Article Written By Brooklyn Walters

Recently, I have been intrigued by ways that I can live a life with less toxins, specifically in my home. I love burning candles just as much as the next person, but oftentimes, artificial fragrances in candles can be harmful health-wise.


While focusing on improving my health and my husband’s by cutting out endocrine disrupters and other toxins, I also wanted to hold onto some of the novelties that make me happy, like having a home that smells like the holidays.


There are some options for candles that have less toxins, but since we are on a budget and I wanted to use things I already have in my pantry to make our home smell wonderful, I decided to look into making simmer pots. They’re quick and easy, but they smell better than a lot of candles, in my opinion.

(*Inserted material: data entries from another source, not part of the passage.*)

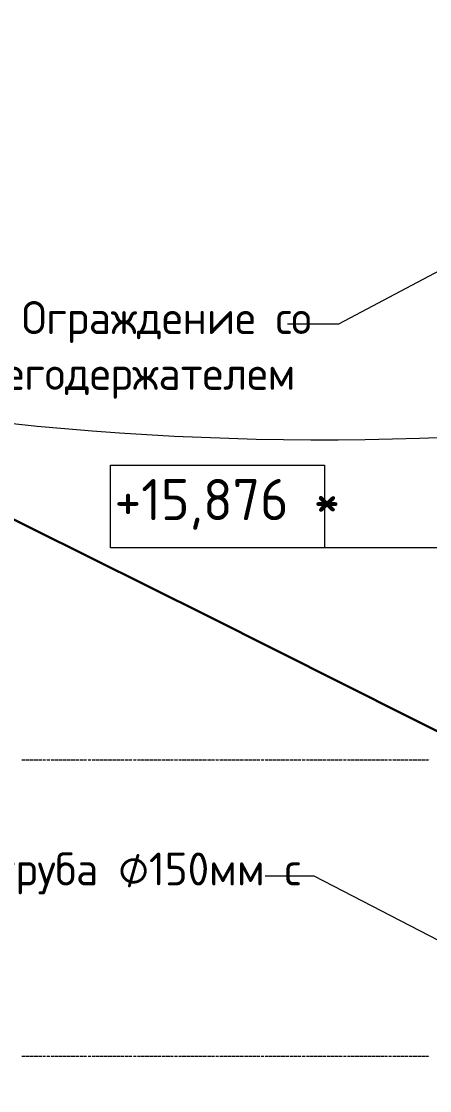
# Model space of a CAD drawing. Header units: millimetres. Extents: x -42533 to 645315, y 3457 to 82611.
# Drawn here: x 540149 to 542627, y 11862 to 18359 of the extents above; entities that cross this region are included whole.
import ezdxf

# ---------------------------------------------------------------- set-up
doc = ezdxf.new("R2010")
doc.units = ezdxf.units.MM
for name, color, linetype, true_color in [('PDF _!ЭОМ.Молниезащита', 7, 'Continuous', 0x954a95), ('PDF _Аннотация', 7, 'Continuous', 0xbababa), ('PDF _Оси', 7, 'Continuous', 0xbababa), ('PDF _Отметки', 7, 'Continuous', 0xbababa)]:
    doc.layers.add(name, color=color, linetype=linetype, true_color=true_color)
doc.layers.add('PDF _Текст', color=7, linetype='Continuous')
doc.styles.add('PDF GOST Common', font='GOST_Common.ttf')

msp = doc.modelspace()

# ---------------------------------------------------------------- linework, layer by layer
at = {"layer": 'PDF _!ЭОМ.Молниезащита', "color": 1, "lineweight": 30}
msp.add_lwpolyline([(555538.4, 7416.8), (552700.7, 8907.6), (549854.5, 10385.7), (547004.1, 11851.2), (544145.3, 13303.9), (541282.2, 14743.9), (538414.9, 16171.2)], dxfattribs=at)
at = {"layer": 'PDF _!ЭОМ.Молниезащита', "lineweight": 13}
msp.add_arc((541973.2, 33883.9), 18066.6, 258.64082, 32.4196, dxfattribs=at)
at = {"layer": 'PDF _!ЭОМ.Молниезащита', "lineweight": 30}
msp.add_arc((514330.6, -50639.5), 76931.2, 53.480075, 71.283866, dxfattribs=at)
at = {"layer": 'PDF _Аннотация', "color": 8, "lineweight": 9}
for points in [[(543438, 17242.8), (542074.2, 16518.5), (541765, 16518.5)], [(542743.4, 12740.6), (541926, 13164.1), (541667.6, 13164.1), (541629.5, 13164.1)]]:
    msp.add_lwpolyline(points, dxfattribs=at)
at = {"layer": 'PDF _Аннотация', "color": 8, "lineweight": 20}
msp.add_lwpolyline([(540689.2, 15159), (540689.2, 15663), (541989.5, 15663), (541989.5, 15159)], close=True, dxfattribs=at)
at = {"layer": 'PDF _Оси', "color": 8, "lineweight": 9}
for points in [[(540151.4, 13871.4), (540172.5, 13871.4)], [(540176.8, 13871.4), (540197.9, 13871.4)], [(540202.2, 13871.4), (540223.4, 13871.4)], [(540227.6, 13871.4), (540248.8, 13871.4)], [(540253, 13871.4), (540274.2, 13871.4)], [(540278.4, 13871.4), (540295.4, 13871.4)], [(540299.6, 13871.4), (540299.6, 13871.4)], [(540303.8, 13871.4), (540320.8, 13871.4)], [(540325, 13871.4), (540325, 13871.4)], [(540329.2, 13871.4), (540346.2, 13871.4)], [(540350.4, 13871.4), (540371.6, 13871.4)], [(540375.8, 13871.4), (540397, 13871.4)], [(540401.2, 13871.4), (540422.4, 13871.4)], [(540426.6, 13871.4), (540447.8, 13871.4)], [(540452.1, 13871.4), (540473.2, 13871.4)], [(540477.5, 13871.4), (540498.6, 13871.4)], [(540502.9, 13871.4), (540524.1, 13871.4)], [(540528.3, 13871.4), (540545.2, 13871.4)], [(540549.5, 13871.4), (540549.5, 13871.4)], [(540553.7, 13871.4), (540570.6, 13871.4)], [(540574.9, 13871.4), (540574.9, 13871.4)], [(540579.1, 13871.4), (540596.1, 13871.4)], [(540600.3, 13871.4), (540621.5, 13871.4)], [(540625.7, 13871.4), (540646.9, 13871.4)], [(540651.1, 13871.4), (540672.3, 13871.4)], [(540676.5, 13871.4), (540697.7, 13871.4)], [(540701.9, 13871.4), (540723.1, 13871.4)], [(540727.4, 13871.4), (540748.5, 13871.4)], [(540752.8, 13871.4), (540773.9, 13871.4)], [(540778.2, 13871.4), (540799.4, 13871.4)], [(540803.6, 13871.4), (540820.5, 13871.4)], [(540824.8, 13871.4), (540824.8, 13871.4)], [(540829, 13871.4), (540845.9, 13871.4)], [(540850.2, 13871.4), (540850.2, 13871.4)], [(540854.4, 13871.4), (540871.4, 13871.4)], [(540875.6, 13871.4), (540896.8, 13871.4)], [(540901, 13871.4), (540922.2, 13871.4)], [(540926.4, 13871.4), (540947.6, 13871.4)], [(540951.8, 13871.4), (540973, 13871.4)], [(540977.2, 13871.4), (540998.4, 13871.4)], [(541002.7, 13871.4), (541023.8, 13871.4)], [(541028.1, 13871.4), (541049.2, 13871.4)], [(541053.5, 13871.4), (541070.4, 13871.4)], [(541074.7, 13871.4), (541074.7, 13871.4)], [(541078.9, 13871.4), (541095.8, 13871.4)], [(541100.1, 13871.4), (541100.1, 13871.4)], [(541104.3, 13871.4), (541121.2, 13871.4)], [(541125.5, 13871.4), (541146.7, 13871.4)], [(541150.9, 13871.4), (541172.1, 13871.4)], [(541176.3, 13871.4), (541197.5, 13871.4)], [(541201.7, 13871.4), (541222.9, 13871.4)], [(541227.1, 13871.4), (541248.3, 13871.4)], [(541252.5, 13871.4), (541273.7, 13871.4)], [(541278, 13871.4), (541299.1, 13871.4)], [(541303.4, 13871.4), (541320.3, 13871.4)], [(541324.5, 13871.4), (541324.5, 13871.4)], [(541328.8, 13871.4), (541345.7, 13871.4)], [(541350, 13871.4), (541350, 13871.4)], [(541354.2, 13871.4), (541371.1, 13871.4)], [(541375.4, 13871.4), (541396.5, 13871.4)], [(541400.8, 13871.4), (541422, 13871.4)], [(541426.2, 13871.4), (541447.4, 13871.4)], [(541451.6, 13871.4), (541472.8, 13871.4)], [(541477, 13871.4), (541498.2, 13871.4)], [(541502.4, 13871.4), (541523.6, 13871.4)], [(541527.8, 13871.4), (541549, 13871.4)], [(541553.3, 13871.4), (541574.4, 13871.4)], [(541578.7, 13871.4), (541595.6, 13871.4)], [(541599.8, 13871.4), (541599.8, 13871.4)], [(541604.1, 13871.4), (541621, 13871.4)], [(541625.3, 13871.4), (541625.3, 13871.4)], [(541629.5, 13871.4), (541646.4, 13871.4)], [(541650.7, 13871.4), (541671.8, 13871.4)], [(541676.1, 13871.4), (541697.3, 13871.4)], [(541701.5, 13871.4), (541722.7, 13871.4)], [(541726.9, 13871.4), (541748.1, 13871.4)], [(541752.3, 13871.4), (541773.5, 13871.4)], [(541777.7, 13871.4), (541798.9, 13871.4)], [(541803.1, 13871.4), (541824.3, 13871.4)], [(541828.5, 13871.4), (541845.5, 13871.4)], [(541849.7, 13871.4), (541849.7, 13871.4)], [(541854, 13871.4), (541870.9, 13871.4)], [(541875.1, 13871.4), (541875.1, 13871.4)], [(541879.4, 13871.4), (541896.3, 13871.4)], [(541900.5, 13871.4), (541921.7, 13871.4)], [(541926, 13871.4), (541947.1, 13871.4)], [(541951.4, 13871.4), (541972.5, 13871.4)], [(541976.8, 13871.4), (541998, 13871.4)], [(542002.2, 13871.4), (542023.4, 13871.4)], [(542027.6, 13871.4), (542048.8, 13871.4)], [(542053, 13871.4), (542074.2, 13871.4)], [(542078.4, 13871.4), (542095.4, 13871.4)], [(542099.6, 13871.4), (542099.6, 13871.4)], [(542103.8, 13871.4), (542120.8, 13871.4)], [(542125, 13871.4), (542125, 13871.4)], [(542129.3, 13871.4), (542146.2, 13871.4)], [(542150.4, 13871.4), (542171.6, 13871.4)], [(542175.8, 13871.4), (542197, 13871.4)], [(542201.3, 13871.4), (542222.4, 13871.4)], [(542226.7, 13871.4), (542247.8, 13871.4)], [(542252.1, 13871.4), (542273.3, 13871.4)], [(542277.5, 13871.4), (542298.7, 13871.4)], [(542302.9, 13871.4), (542324.1, 13871.4)], [(542328.3, 13871.4), (542349.5, 13871.4)], [(542353.7, 13871.4), (542370.7, 13871.4)], [(542374.9, 13871.4), (542374.9, 13871.4)], [(542379.1, 13871.4), (542396.1, 13871.4)], [(542400.3, 13871.4), (542400.3, 13871.4)], [(542404.6, 13871.4), (542421.5, 13871.4)], [(542425.7, 13871.4), (542446.9, 13871.4)], [(542451.1, 13871.4), (542472.3, 13871.4)], [(542476.6, 13871.4), (542497.7, 13871.4)], [(542502, 13871.4), (542523.1, 13871.4)], [(542527.4, 13871.4), (542548.6, 13871.4)], [(542552.8, 13871.4), (542574, 13871.4)], [(542578.2, 13871.4), (542599.4, 13871.4)], [(542603.6, 13871.4), (542620.6, 13871.4)], [(542624.8, 13871.4), (542624.8, 13871.4)], [(540151.4, 12071.4), (540172.5, 12071.4)], [(540176.8, 12071.4), (540197.9, 12071.4)], [(540202.2, 12071.4), (540223.4, 12071.4)], [(540227.6, 12071.4), (540248.8, 12071.4)], [(540253, 12071.4), (540274.2, 12071.4)], [(540278.4, 12071.4), (540295.4, 12071.4)], [(540299.6, 12071.4), (540299.6, 12071.4)], [(540303.8, 12071.4), (540320.8, 12071.4)], [(540325, 12071.4), (540325, 12071.4)], [(540329.2, 12071.4), (540346.2, 12071.4)], [(540350.4, 12071.4), (540371.6, 12071.4)], [(540375.8, 12071.4), (540397, 12071.4)], [(540401.2, 12071.4), (540422.4, 12071.4)], [(540426.6, 12071.4), (540447.8, 12071.4)], [(540452.1, 12071.4), (540473.2, 12071.4)], [(540477.5, 12071.4), (540498.6, 12071.4)], [(540502.9, 12071.4), (540524.1, 12071.4)], [(540528.3, 12071.4), (540545.2, 12071.4)], [(540549.5, 12071.4), (540549.5, 12071.4)], [(540553.7, 12071.4), (540570.6, 12071.4)], [(540574.9, 12071.4), (540574.9, 12071.4)], [(540579.1, 12071.4), (540596.1, 12071.4)], [(540600.3, 12071.4), (540621.5, 12071.4)], [(540625.7, 12071.4), (540646.9, 12071.4)], [(540651.1, 12071.4), (540672.3, 12071.4)], [(540676.5, 12071.4), (540697.7, 12071.4)], [(540701.9, 12071.4), (540723.1, 12071.4)], [(540727.4, 12071.4), (540748.5, 12071.4)], [(540752.8, 12071.4), (540773.9, 12071.4)], [(540778.2, 12071.4), (540799.4, 12071.4)], [(540803.6, 12071.4), (540820.5, 12071.4)], [(540824.8, 12071.4), (540824.8, 12071.4)], [(540829, 12071.4), (540845.9, 12071.4)], [(540850.2, 12071.4), (540850.2, 12071.4)], [(540854.4, 12071.4), (540871.4, 12071.4)], [(540875.6, 12071.4), (540896.8, 12071.4)], [(540901, 12071.4), (540922.2, 12071.4)], [(540926.4, 12071.4), (540947.6, 12071.4)], [(540951.8, 12071.4), (540973, 12071.4)], [(540977.2, 12071.4), (540998.4, 12071.4)], [(541002.7, 12071.4), (541023.8, 12071.4)], [(541028.1, 12071.4), (541049.2, 12071.4)], [(541053.5, 12071.4), (541070.4, 12071.4)], [(541074.7, 12071.4), (541074.7, 12071.4)], [(541078.9, 12071.4), (541095.8, 12071.4)], [(541100.1, 12071.4), (541100.1, 12071.4)], [(541104.3, 12071.4), (541121.2, 12071.4)], [(541125.5, 12071.4), (541146.7, 12071.4)], [(541150.9, 12071.4), (541172.1, 12071.4)], [(541176.3, 12071.4), (541197.5, 12071.4)], [(541201.7, 12071.4), (541222.9, 12071.4)], [(541227.1, 12071.4), (541248.3, 12071.4)], [(541252.5, 12071.4), (541273.7, 12071.4)], [(541278, 12071.4), (541299.1, 12071.4)], [(541303.4, 12071.4), (541320.3, 12071.4)], [(541324.5, 12071.4), (541324.5, 12071.4)], [(541328.8, 12071.4), (541345.7, 12071.4)], [(541350, 12071.4), (541350, 12071.4)], [(541354.2, 12071.4), (541371.1, 12071.4)], [(541375.4, 12071.4), (541396.5, 12071.4)], [(541400.8, 12071.4), (541422, 12071.4)], [(541426.2, 12071.4), (541447.4, 12071.4)], [(541451.6, 12071.4), (541472.8, 12071.4)], [(541477, 12071.4), (541498.2, 12071.4)], [(541502.4, 12071.4), (541523.6, 12071.4)], [(541527.8, 12071.4), (541549, 12071.4)], [(541553.3, 12071.4), (541574.4, 12071.4)], [(541578.7, 12071.4), (541595.6, 12071.4)], [(541599.8, 12071.4), (541599.8, 12071.4)], [(541604.1, 12071.4), (541621, 12071.4)], [(541625.3, 12071.4), (541625.3, 12071.4)], [(541629.5, 12071.4), (541646.4, 12071.4)], [(541650.7, 12071.4), (541671.8, 12071.4)], [(541676.1, 12071.4), (541697.3, 12071.4)], [(541701.5, 12071.4), (541722.7, 12071.4)], [(541726.9, 12071.4), (541748.1, 12071.4)], [(541752.3, 12071.4), (541773.5, 12071.4)], [(541777.7, 12071.4), (541798.9, 12071.4)], [(541803.1, 12071.4), (541824.3, 12071.4)], [(541828.5, 12071.4), (541845.5, 12071.4)], [(541849.7, 12071.4), (541849.7, 12071.4)], [(541854, 12071.4), (541870.9, 12071.4)], [(541875.1, 12071.4), (541875.1, 12071.4)], [(541879.4, 12071.4), (541896.3, 12071.4)], [(541900.5, 12071.4), (541921.7, 12071.4)], [(541926, 12071.4), (541947.1, 12071.4)], [(541951.4, 12071.4), (541972.5, 12071.4)], [(541976.8, 12071.4), (541998, 12071.4)], [(542002.2, 12071.4), (542023.4, 12071.4)], [(542027.6, 12071.4), (542048.8, 12071.4)], [(542053, 12071.4), (542074.2, 12071.4)], [(542078.4, 12071.4), (542095.4, 12071.4)], [(542099.6, 12071.4), (542099.6, 12071.4)], [(542103.8, 12071.4), (542120.8, 12071.4)], [(542125, 12071.4), (542125, 12071.4)], [(542129.3, 12071.4), (542146.2, 12071.4)], [(542150.4, 12071.4), (542171.6, 12071.4)], [(542175.8, 12071.4), (542197, 12071.4)], [(542201.3, 12071.4), (542222.4, 12071.4)], [(542226.7, 12071.4), (542247.8, 12071.4)], [(542252.1, 12071.4), (542273.3, 12071.4)], [(542277.5, 12071.4), (542298.7, 12071.4)], [(542302.9, 12071.4), (542324.1, 12071.4)], [(542328.3, 12071.4), (542349.5, 12071.4)], [(542353.7, 12071.4), (542370.7, 12071.4)], [(542374.9, 12071.4), (542374.9, 12071.4)], [(542379.1, 12071.4), (542396.1, 12071.4)], [(542400.3, 12071.4), (542400.3, 12071.4)], [(542404.6, 12071.4), (542421.5, 12071.4)], [(542425.7, 12071.4), (542446.9, 12071.4)], [(542451.1, 12071.4), (542472.3, 12071.4)], [(542476.6, 12071.4), (542497.7, 12071.4)], [(542502, 12071.4), (542523.1, 12071.4)], [(542527.4, 12071.4), (542548.6, 12071.4)], [(542552.8, 12071.4), (542574, 12071.4)], [(542578.2, 12071.4), (542599.4, 12071.4)], [(542603.6, 12071.4), (542620.6, 12071.4)], [(542624.8, 12071.4), (542624.8, 12071.4)]]:
    msp.add_lwpolyline(points, dxfattribs=at)
at = {"layer": 'PDF _Отметки', "color": 8, "lineweight": 20}
msp.add_lwpolyline([(542946.7, 15159), (542014.9, 15159), (541341.5, 15159)], dxfattribs=at)

# ---------------------------------------------------------------- texts
at = {"layer": 'PDF _Текст', "color": 7, "attachment_point": 4, "style": 'PDF GOST Common'}
for s, insert, char_height in [('Ограждение со', (540151.1, 16531.6), 200.023), ('снегодержателем', (539799.6, 16192.7), 200.023), ('+15,876 *', (540714.5, 15423.9), 250.03), ('Водосточная труба ⌀150мм с', (538414.6, 13181.3), 200.023)]:
    msp.add_mtext(s, dxfattribs=dict(at, insert=insert, char_height=char_height))

doc.saveas('drawing.dxf')

Now, simmer pots are my favorite! We almost always have one on the stove when we’re home. It smells amazing, and we like to drink the tea that is made from it when all the ingredients have rendered down.


Not only do simmer pots smell amazing, but they also look adorable! You can make simmer pots many ways, but I certainly have a few favorite combinations that I’ve found

during the autumn and winter seasons. Here’s my go-to:

  1. Cranberries: Cranberries smell delightful and taste wonderful in the tea that is made. They also look beautiful! I like to have a little more than one layer of cranberries covering the water, so how many you use will be dependent on your personal preference, how big your pot is, and how much water you have.

  2. Cinnamon sticks: I typically use one to two whole sticks of cinnamon. This gives the smell of the simmer pot a certain coziness about it and adds spice to the tea.

  3. Whole cloves: The cloves also add a spice to the tea and smell like the holidays, which puts me in the best mood!

  4. Orange slices: Depending on the day, I interchange these or accompany these with lemon slices as well. There’s no trick to the perfect thickness of the slices in my experiences, so I cut them to be about half an inch thick. If I am eating oranges or using them for something else, I will throw in the rinds by themselves as well.

  5. Vanilla: I usually use about a tablespoon of vanilla. Even if the smell is not extremely evident because it mixes with all the other ingredients, it makes the tea taste better.

  6. Nutmeg: Nutmeg also adds to the spice taste of the tea, plus it smells like baking, which I am fond of. How much you use is up to your taste and how much you like it, but I like to go with around a teaspoon.

  7. Brown sugar (optional): This is specifically for the tea. I like a sweeter drink, so I add the sugar, taste the tea, and add more accordingly. I never measure this because it truly is different each time, but I like to add the sugar after I’m finished using the simmer pot for its smell and I’m ready to use it for tea.


Making the tea

When you’re ready to use the tea created from the simmer pot, I recommend putting a strainer over the pitcher or jar you want to store the tea in and separating the larger particles from the tea. Then, add brown sugar to the tea. You can drink it hot or cold.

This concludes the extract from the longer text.